This sudden turn in health seems to frequently occur around the second week, a scenario referred to as “the second week crash.” Doctors, however, aren’t sure why the second week seems to be particularly dangerous for some with COVID-19.
“It’s one of those bizarre things because it doesn’t follow any trajectory of what we know in medicine,” said Dr. Sampson Davis, an emergency medicine physician at several New Jersey hospitals. “Meaning either the person is going to chronologically, systematically progress and worsen or they’re going to chronologically, progressively move towards doing better."
In medicine, "decompensation" is a term used to describe a phenomenon in which some patients take a sudden, sharp turn for the worse.
Among some patients with COVID-19, "we don’t know why the patients decompensate as suddenly and as rapidly as they do," Davis said.
While doctors may be uncertain why the crash appears in the second week, they do have several theories as to what may be causing the crashes.

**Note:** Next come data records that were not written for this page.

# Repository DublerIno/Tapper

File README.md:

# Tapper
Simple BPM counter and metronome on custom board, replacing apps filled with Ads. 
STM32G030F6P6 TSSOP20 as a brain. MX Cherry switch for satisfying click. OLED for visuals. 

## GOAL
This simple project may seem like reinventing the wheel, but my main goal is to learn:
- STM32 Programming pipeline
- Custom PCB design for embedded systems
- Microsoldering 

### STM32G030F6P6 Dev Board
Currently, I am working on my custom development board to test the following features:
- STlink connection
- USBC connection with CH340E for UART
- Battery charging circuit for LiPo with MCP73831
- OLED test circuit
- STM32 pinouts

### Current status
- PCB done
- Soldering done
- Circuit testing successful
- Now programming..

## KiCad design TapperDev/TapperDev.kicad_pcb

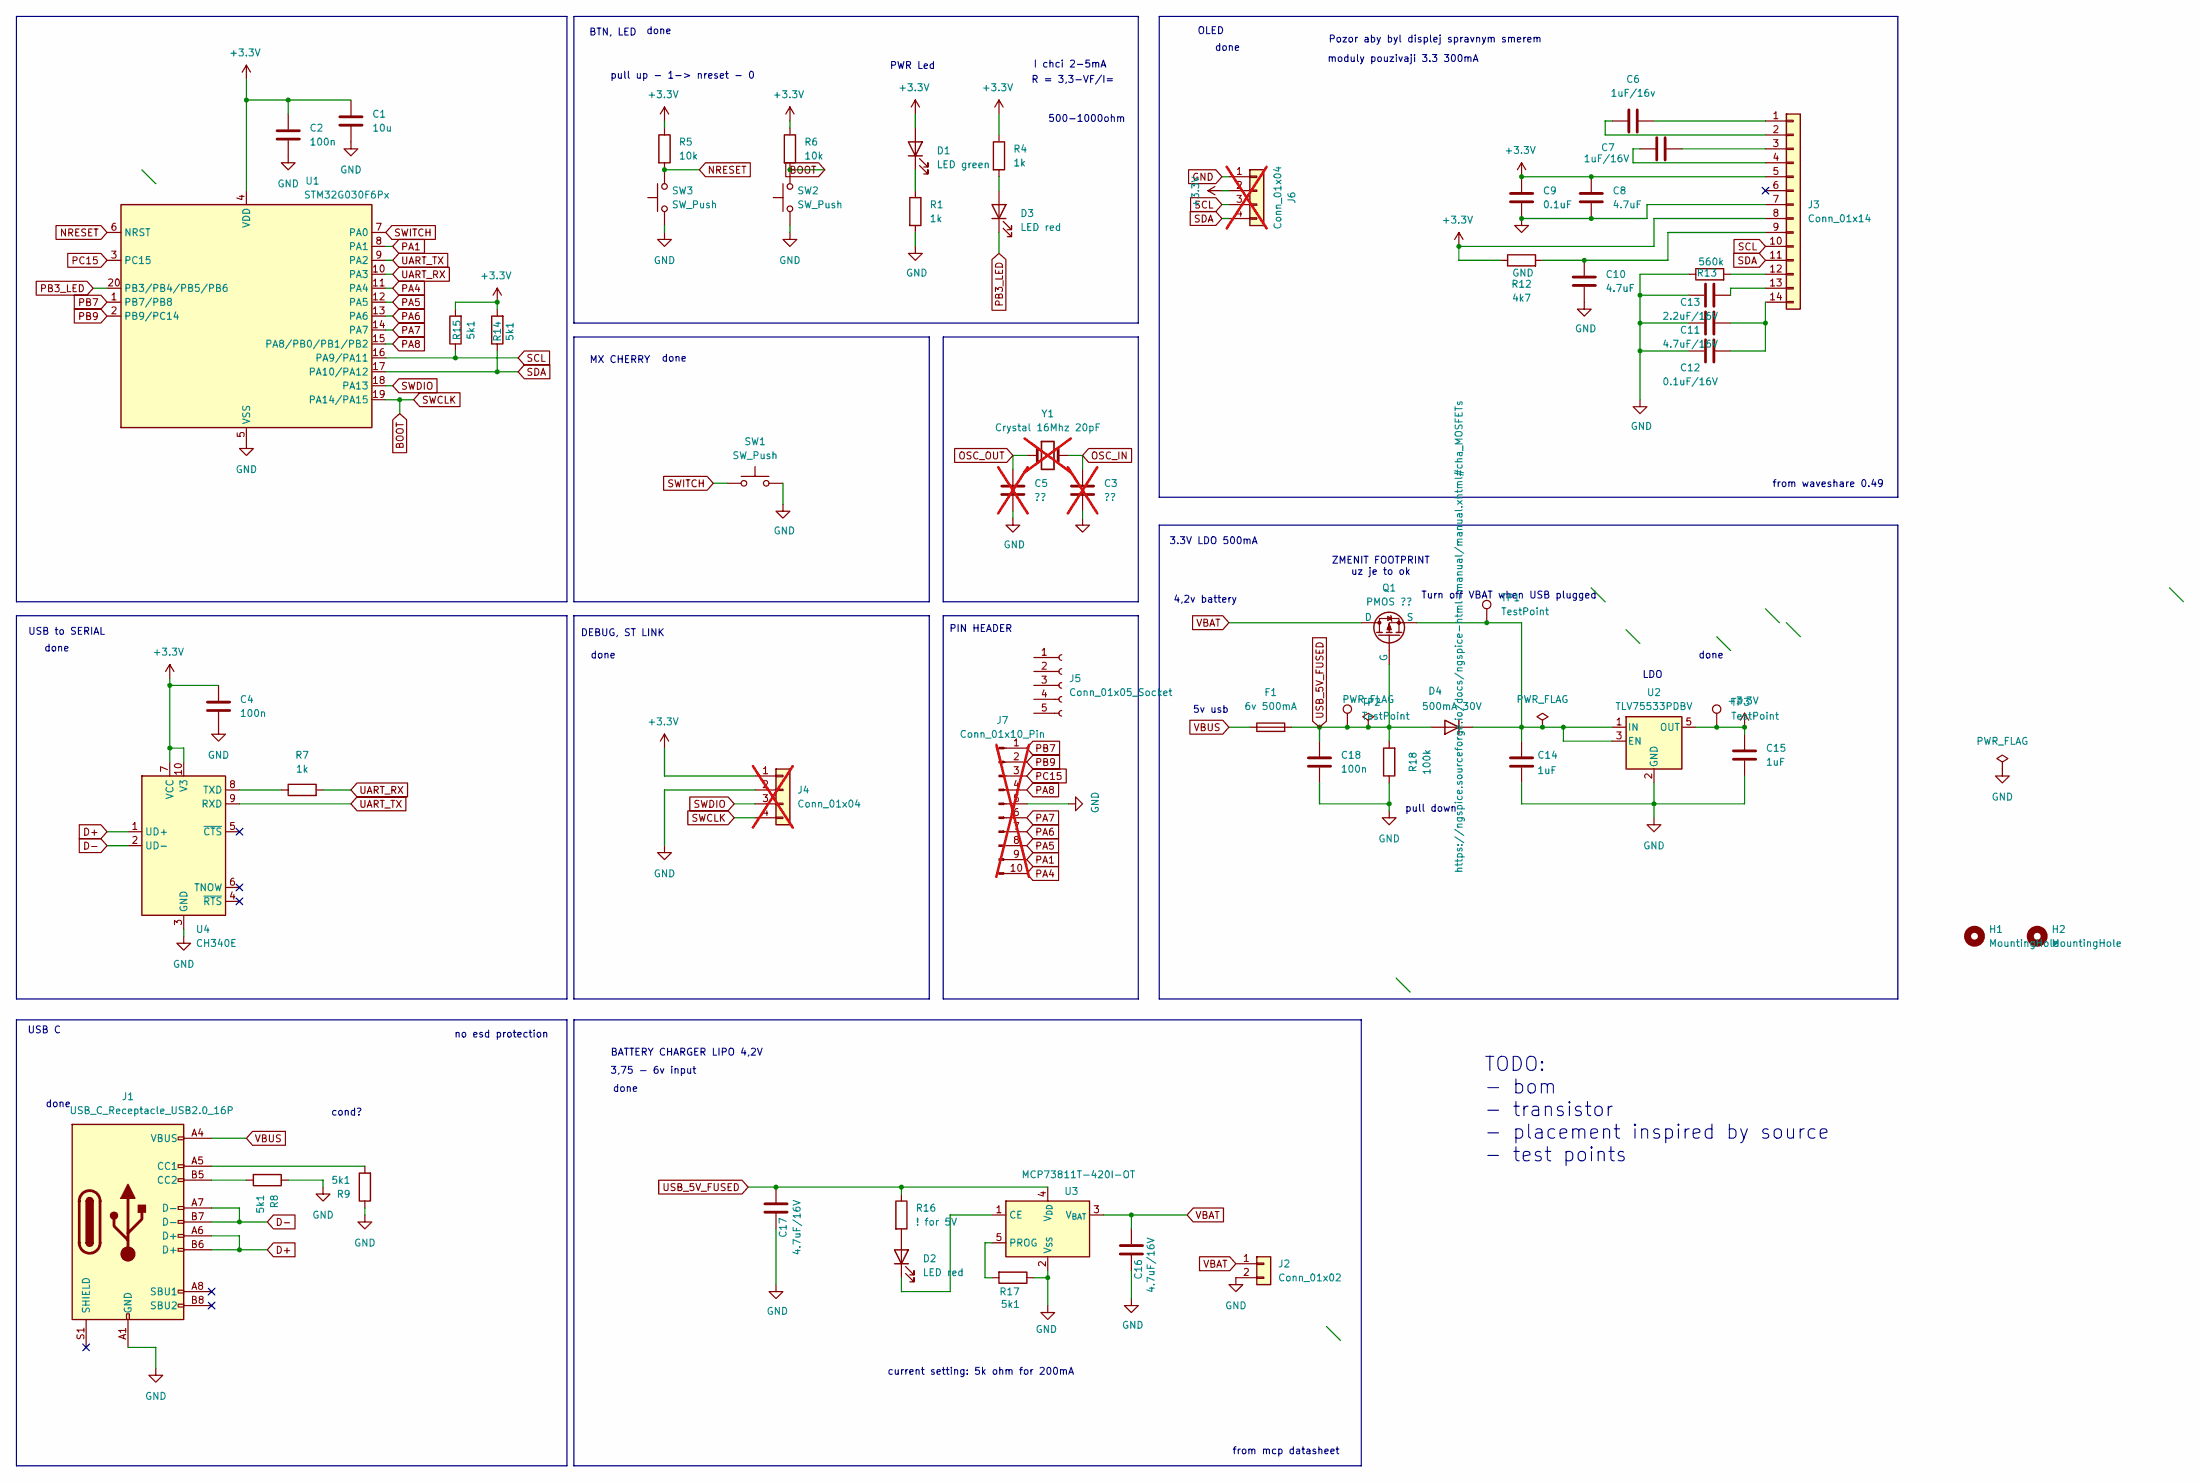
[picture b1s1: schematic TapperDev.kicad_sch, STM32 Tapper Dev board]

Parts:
C1: 10u; C_0603_1608Metric_Pad1.08x0.95mm_HandSolder
C2, C4, C18: 100n; C_0603_1608Metric_Pad1.08x0.95mm_HandSolder
C3, C5: ??; C_0603_1608Metric_Pad1.08x0.95mm_HandSolder; not fitted
C6: 1uF/16v; C_0603_1608Metric_Pad1.08x0.95mm_HandSolder
C7: 1uF/16V; C_0603_1608Metric_Pad1.08x0.95mm_HandSolder
C8, C10: 4.7uF; C_0603_1608Metric_Pad1.08x0.95mm_HandSolder
C9: 0.1uF; C_0603_1608Metric_Pad1.08x0.95mm_HandSolder
C11, C16, C17: 4.7uF/16V; C_0603_1608Metric_Pad1.08x0.95mm_HandSolder
C12: 0.1uF/16V; C_0603_1608Metric_Pad1.08x0.95mm_HandSolder
C13: 2.2uF/16V; C_0603_1608Metric_Pad1.08x0.95mm_HandSolder
C14, C15: 1uF; C_0603_1608Metric_Pad1.08x0.95mm_HandSolder
D1: LED green; D_0603_1608Metric_Pad1.05x0.95mm_HandSolder
D2, D3: LED red; D_0603_1608Metric_Pad1.05x0.95mm_HandSolder
D4: 500mA 30V; Nexperia_CFP3_SOD-123W
F1: 6v 500mA; Fuse_0603_1608Metric
H1, H2: MountingHole; MountingHole_2.2mm_M2
J1: USB_C_Receptacle_USB2.0_16P; USB_C_Receptacle_XKB_U262-16XN-4BVC11
J2: Conn_01x02; PinSocket_1x02_P2.54mm_Vertical
J3: Conn_01x14; TE_1-84952-4_1x14-1MP_P1.0mm_Horizontal
J4: Conn_01x04; PinSocket_1x04_P2.54mm_Vertical; not fitted
J5: Conn_01x05_Socket
J6: Conn_01x04; PinSocket_1x04_P1.27mm_Vertical; not fitted
J7: Conn_01x10_Pin; PinSocket_1x10_P1.27mm_Vertical; not fitted
Q1: PMOS ??; SOT-23
R1, R4, R7: 1k; R_0603_1608Metric_Pad0.98x0.95mm_HandSolder
R5, R6: 10k; R_0603_1608Metric_Pad0.98x0.95mm_HandSolder
R8, R9, R14, R15, R17: 5k1; R_0603_1608Metric_Pad0.98x0.95mm_HandSolder
R12: 4k7; R_0603_1608Metric_Pad0.98x0.95mm_HandSolder
R13: 560k; R_0603_1608Metric_Pad0.98x0.95mm_HandSolder
R16: ! for 5V; R_0603_1608Metric_Pad0.98x0.95mm_HandSolder
R18: 100k; R_0603_1608Metric_Pad0.98x0.95mm_HandSolder
SW1: SW_Push; SW_Cherry_MX_PCB
SW2, SW3: SW_Push; SW_Tactile_SPST_NO_Straight_CK_PTS636Sx25SMTRLFS
TP1, TP2, TP3: TestPoint; TestPoint_Pad_1.5x1.5mm
U1: STM32G030F6Px; TSSOP-20_4.4x6.5mm_P0.65mm
U2: TLV75533PDBV; SOT-23-5
U3: MCP73811T-420I-OT; SOT-23-5
U4: CH340E; MSOP-10_3x3mm_P0.5mm
Y1: Crystal 16Mhz 20pF; Crystal_HC49-U_Vertical; not fitted

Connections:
+3.3V: C1.1, C2.1, C4.1, C8.1, C9.1, C15.1, D1.2 (A), J3.5, J3.8, J4.1, J6.2, R4.1, R5.1, R6.1, R12.1, R14.2, R15.2, TP3.1, U1.4 (VDD), U2.5 (OUT), U4.7 (VCC), U4.10 (V3)
BOOT: J4.4, R6.2, SW2.2, U1.19 (PA14/PA15)
D+: J1.A6 (D+), J1.B6 (D+), U4.1 (UD+)
D-: J1.A7 (D-), J1.B7 (D-), U4.2 (UD-)
GND: C1.2, C2.2, C3.2, C4.2, C5.2, C8.2, C9.2, C10.2, C11.2, C12.1, C13.2, C14.2, C15.2, C16.2, C17.2, C18.2, J1.A1 (GND), J1.A12 (GND), J1.B1 (GND), J1.B12 (GND), J2.2, J3.7, J4.2, J6.1, J7.5, R1.2, R8.1, R9.1, R13.1, R17.1, R18.1, SW1.2, SW2.1, SW3.1, U1.5 (VSS), U2.2 (GND), U3.2 (V_{SS}), U4.3 (GND)
NRESET: R5.2, SW3.2, U1.6 (NRST)
unnamed: C3.1, Y1.2
unnamed: C5.1, Y1.1
unnamed: D1.1 (K), R1.1
unnamed: D2.2 (A), R16.2
unnamed: D2.1 (K), U3.1 (CE)
unnamed: D3.2 (A), R4.2
unnamed: C14.1, D4.1 (K), Q1.2 (S), TP1.1, U2.1 (IN), U2.3 (EN)
unnamed: J1.A5 (CC1), R9.2
unnamed: J1.B5 (CC2), R8.2
unnamed: C6.2, J3.1
unnamed: C6.1, J3.2
unnamed: C7.2, J3.3
unnamed: C7.1, J3.4
unnamed: C10.1, J3.9, R12.2
unnamed: J3.12, R13.2
unnamed: C13.1, J3.13
unnamed: C11.1, C12.2, J3.14
unnamed: R17.2, U3.5 (PROG)
unnamed: R7.1, U4.8 (TXD)
PA1: J7.9, U1.8 (PA1)
PA4: J7.10, U1.11 (PA4)
PA5: J7.8, U1.12 (PA5)
PA6: J7.7, U1.13 (PA6)
PA7: J7.6, U1.14 (PA7)
PA8: J7.4, U1.15 (PA8/PB0/PB1/PB2)
PB3_LED: D3.1 (K), U1.20 (PB3/PB4/PB5/PB6)
PB7: J7.1, U1.1 (PB7/PB8)
PB9: J7.2, U1.2 (PB9/PC14)
PC15: J7.3, U1.3 (PC15)
SCL: J3.10, J6.3, R15.1, U1.16 (PA9/PA11)
SDA: J3.11, J6.4, R14.1, U1.17 (PA10/PA12)
SWDIO: J4.3, U1.18 (PA13)
SWITCH: SW1.1, U1.7 (PA0)
UART_RX: R7.2, U1.10 (PA3)
UART_TX: U1.9 (PA2), U4.9 (RXD)
USB_5V_FUSED: C17.1, C18.1, D4.2 (A), F1.2, Q1.1 (G), R16.1, R18.2, TP2.1, U3.4 (V_{DD})
VBAT: C16.1, J2.1, Q1.3 (D), U3.3 (V_{BAT})
VBUS: F1.1, J1.A4 (VBUS), J1.A9 (VBUS), J1.B4 (VBUS), J1.B9 (VBUS)

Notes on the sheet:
ZMENIT FOOTPRINT uz je to ok
from waveshare 0.49
done
4,2v battery
500-1000ohm
no esd protection
from mcp datasheet
USB to SERIAL
PIN HEADER
USB C
MX CHERRY
I chci 2-5mA
BTN, LED
PWR Led
pull down
DEBUG, ST LINK
5v usb
cond?
OLED
3,75 - 6v input
current setting: 5k ohm for 200mA
BATTERY CHARGER LIPO 4,2V
Pozor aby byl displej spravnym smerem
LDO
TODO: - bom - transistor - placement inspired by source - test points
R = 3,3-VF/I=
pull up - 1-> nreset - 0
Turn off VBAT when USB plugged
3.3V LDO 500mA
moduly pouzivaji 3.3 300mA

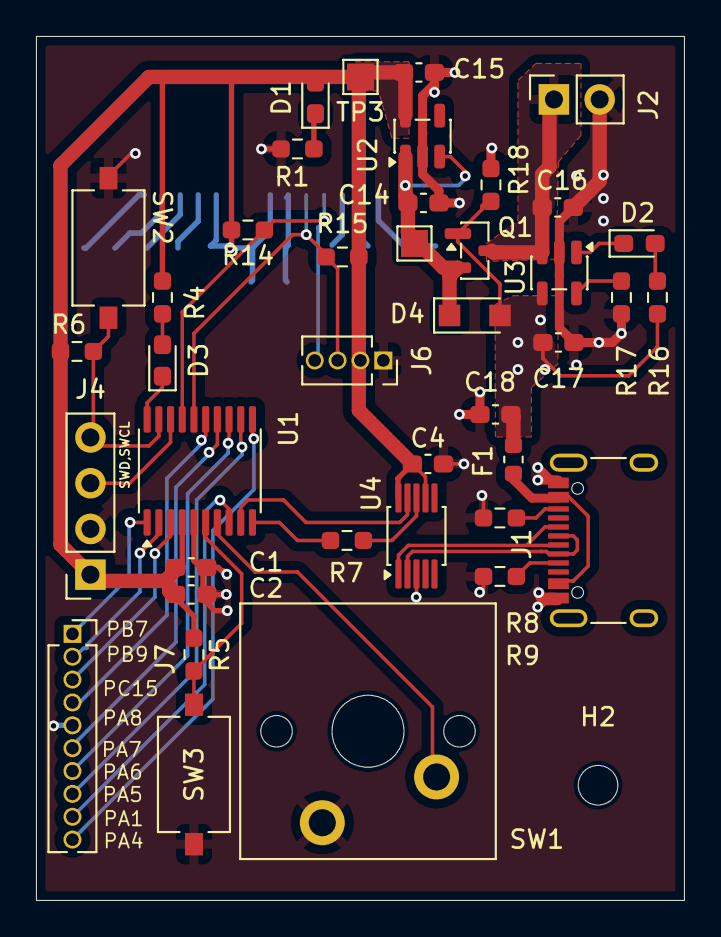
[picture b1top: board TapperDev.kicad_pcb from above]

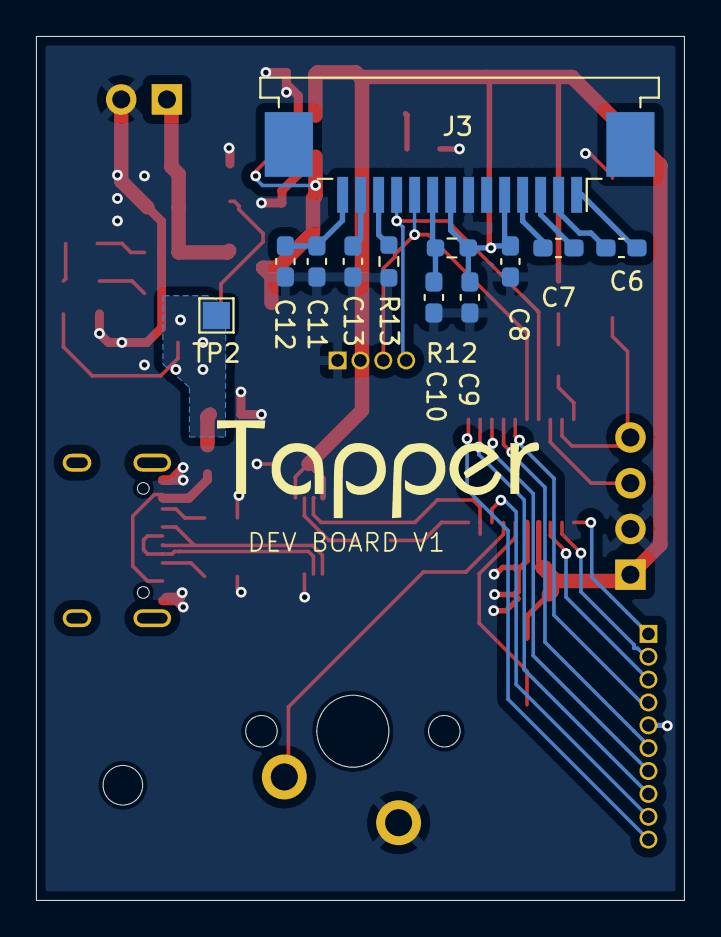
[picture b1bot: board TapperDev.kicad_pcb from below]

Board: 2 copper layers, 36.0 x 48.0 mm, 53 parts (12 on the bottom side), 42 nets.

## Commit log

2026-01-18 Correct image link in README.md
    Fixed image link formatting in README.
2026-01-18 Fix image link in README.md
    Updated image link in README for the first dev board.
2026-01-18 Fix image markdown syntax in README.md
2026-02-08 Revise README with project goals and details
    Updated project description and goals in README.
2026-02-08 Revise STM32G030F6P6 Dev Board features and image
    Updated the features list for the STM32G030F6P6 Dev Board and improved the image caption.
2026-02-08 added kicad project files
2026-02-08 Update README with current project status
    Added current status of the development board project.

Dr. Danielle Davison, an associate professor of anesthesiology and critical care medicine and division director of the Intensive Care Unit at George Washington University, suggested these worsening symptoms may be just the progression of the disease itself. In the first week, the virus is sort of multiplying at the time when the patient has symptoms, she explained.
Then during the second week, she said, “the virus itself is traveling down the respiratory tree and reaching the lungs.”
But Davidson also said it's possible the body's immune system itself might be to blame, triggering a severe overreaction to the viral infection that results in syndrome called "cytokine storm."
Jha floated yet another potential cause for the crash.
“The virus makes it difficult for oxygen to be transported through the blood and for exchange of oxygen and carbon dioxide to happen," he said. "The situation leads to different organs failing and worsens the condition in the lung and leads to the crash.”
Davis agreed lack of oxygen leading to organ damage is a likely culprit.
“The virus is starving all the tissues and the other organs of oxygen. I’ve seen patients with heart attacks come in, and they have the virus and it could be that just because the heart was starved of oxygen," he said.
The same phenomenon might also be starving the brain of oxygen, leading to neurological damage in some patients, Davis added.
In addition to decreasing the oxygen available to the body, COVID-19 can also cause blood clots. The clots can travel to a patient’s heart, causing a heart attack, or travel to their brain, causing a stroke. Both can result in a rapid crash.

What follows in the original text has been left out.